Unfortunately, now I live in a jointly-owned building and using a Yagi antenna 2.5 metres long, that come out of the terrace, it's not so convenient and I think my neighbours could be scared. Moreover, after have seen the 14 elements Yagi antenna simulation with 4nec2 software, I had a wish to see if I find out a better features antenna compared to Yagi antenna.
As a matter of fact, Yagi antenna has several secondary lobes and frequently, with strong signals, it's hard to understand from where the signal come from, ever since secondary lobes capture the signal even if the antenna isn't aimed to the right direction. Besides, Yagi antenna has not a very good F/B. Yes, ok: -27 dB aren't so bad but secondary lobes range from -15 to -20 dB.
Then, if I can't go too much out of my terrace, why can't I develop the antenna in width dimensions, for example, like a broadside antenna? Moreover, if I do a wire mesh for reflector, maybe the antenna could be stealth.
Instinctively, I've always been attracted by double H antenna that I found at page 109 of "Le antenne riceventi e trasmittenti", a very nice Nuova Elettronica's book. Here it is:
Simulating the antenna with 4nec2, I played with all parametres: first with dipoles lenght, after with their relative distance, then with the distance between dipoles and the reflector, to end with reflector panel area, all of it in the purpose to obtain the perfect resonance and the best front to back ratio. Certainly this is NOT an easy to handle antenna: in fact reflector's dimensions are 1.8 metres by 1.6 metres, but this is like a parabolic dish and it fires the signal exactly where I want to and it hasn't secondary significant lobes, especially on the back and sideways, so this antenna could be excellent to unwanted signals.
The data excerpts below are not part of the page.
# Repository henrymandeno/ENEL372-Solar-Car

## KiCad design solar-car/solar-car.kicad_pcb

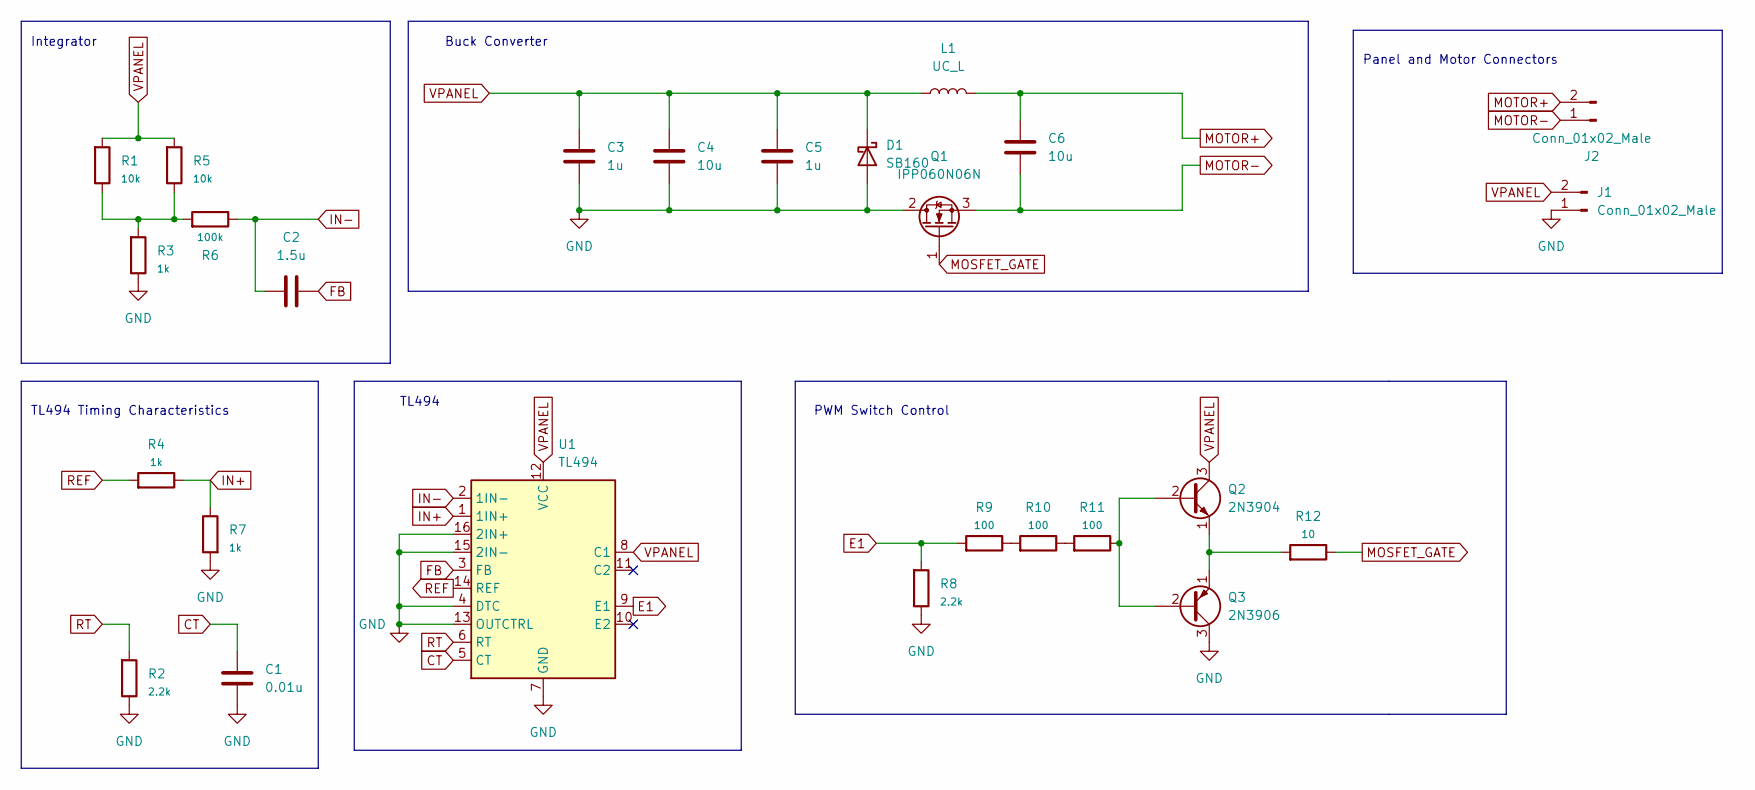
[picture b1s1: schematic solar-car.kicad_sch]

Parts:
C1: 0.01u; C_Rect_L7.0mm_W2.5mm_P5.00mm
C2: 1.5u; C_Rect_L7.0mm_W2.5mm_P5.00mm
C3, C5: 1u; C_Rect_L7.0mm_W2.5mm_P5.00mm
C4, C6: 10u; C_Rect_L7.0mm_W2.5mm_P5.00mm
D1: SB160; D_DO-41_SOD81_P10.16mm_Horizontal
J1, J2: Conn_01x02_Male; PinHeader_1x02_P2.54mm_Vertical
L1: UC_L; L_Axial_L16.0mm_D7.5mm_P20.32mm_Horizontal_Fastron_XHBCC
Q1: IPP060N06N; TO-220-3_Vertical
Q2: 2N3904; TO-92_Inline
Q3: 2N3906; TO-92_Inline
R1, R5: 10k; R_Axial_DIN0207_L6.3mm_D2.5mm_P2.54mm_Vertical
R2, R8: 2.2k; R_Axial_DIN0207_L6.3mm_D2.5mm_P2.54mm_Vertical
R3, R4, R7: 1k; R_Axial_DIN0207_L6.3mm_D2.5mm_P2.54mm_Vertical
R6: 100k; R_Axial_DIN0207_L6.3mm_D2.5mm_P2.54mm_Vertical
R9, R10, R11: 100; R_Axial_DIN0207_L6.3mm_D2.5mm_P2.54mm_Vertical
R12: 10; R_Axial_DIN0207_L6.3mm_D2.5mm_P2.54mm_Vertical
U1: TL494; DIP-16_W7.62mm

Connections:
CT: C1.1, U1.5 (CT)
E1: R8.1, R9.1, U1.9 (E1)
FB: C2.2, U1.3 (FB)
GND: C1.2, C3.2, C4.2, C5.2, D1.2 (A), J1.1, Q1.2 (D), Q3.3 (C), R2.2, R3.2, R7.1, R8.2, U1.4 (DTC), U1.7 (GND), U1.13 (OUTCTRL), U1.15 (2IN-), U1.16 (2IN+)
IN+: R4.2, R7.2, U1.1 (1IN+)
IN-: C2.1, R6.2, U1.2 (1IN-)
MOSFET_GATE: Q1.1 (G), R12.2
MOTOR+: C6.1, J2.2, L1.2
MOTOR-: C6.2, J2.1, Q1.3 (S)
unnamed: Q2.1 (E), Q3.1 (E), R12.1
unnamed: Q2.2 (B), Q3.2 (B), R11.2
unnamed: R1.2, R3.1, R5.2, R6.1
unnamed: R9.2, R10.1
unnamed: R10.2, R11.1
REF: R4.1, U1.14 (REF)
RT: R2.1, U1.6 (RT)
VPANEL: C3.1, C4.1, C5.1, D1.1 (K), J1.2, L1.1, Q2.3 (C), R1.1, R5.1, U1.8 (C1), U1.12 (VCC)

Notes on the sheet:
Panel and Motor Connectors
PWM Switch Control
TL494 Timing Characteristics
Buck Converter
TL494
Integrator

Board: 2 copper layers, 26 parts (0 on the bottom side), 17 nets, no tracks yet.

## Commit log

2022-10-04 Added KiCad files

Below, the double H antenna simulation with reflector for PMR446 band, with gain's graphs, with front to back ratio, VSWR curve, impedance and resistance curves, vertical and horizontal radiation patterns and tridimensional patterns:
Note that front to back ratio is -47.5 dB (8 signal points!), the only secondary lobe in the back side is -35.4 dB, the only secondary lobe in the front side is -16 dB.
The antenna's impedance is pure 73.6 ohm without reactance, so the antenna is perfectly in resonance in our narrow slice of frequencies, 446-446.1 MHz and even if transmitter doesn't see the expected 50 ohm, we'll have not to care about it, VSWR is under 1.5. What's the problem? If you look around, you'll find out worse things.
The distance between wires that connects the dipoles in phase/counterphase was fixed to 25 millimetres to stop the impedance line's to 386 ohm, accordingly the formula 276*log(D/d) where D = the distance between the wires centre (25 mm) and d = the wire's diametre (2 mm) and the logarithm is 10 based.
Below, the comparison between radiation pattern of the two antennas, the 14 elements optimized Yagi antenna (red line) and the double H antenna (blue line), we can see that gain's difference is only a little more than 1 dB, but front to back ratio is definitely the best for double H antenna:
Being this a balanced antenna too, I'll provide a balanced/unbalanced coupling with 1/4 wave cable.
Here you can find the .nec file of this simulation with 4nec2 software of double H antenna just analized.
And now, we only have to look for the material and do the job!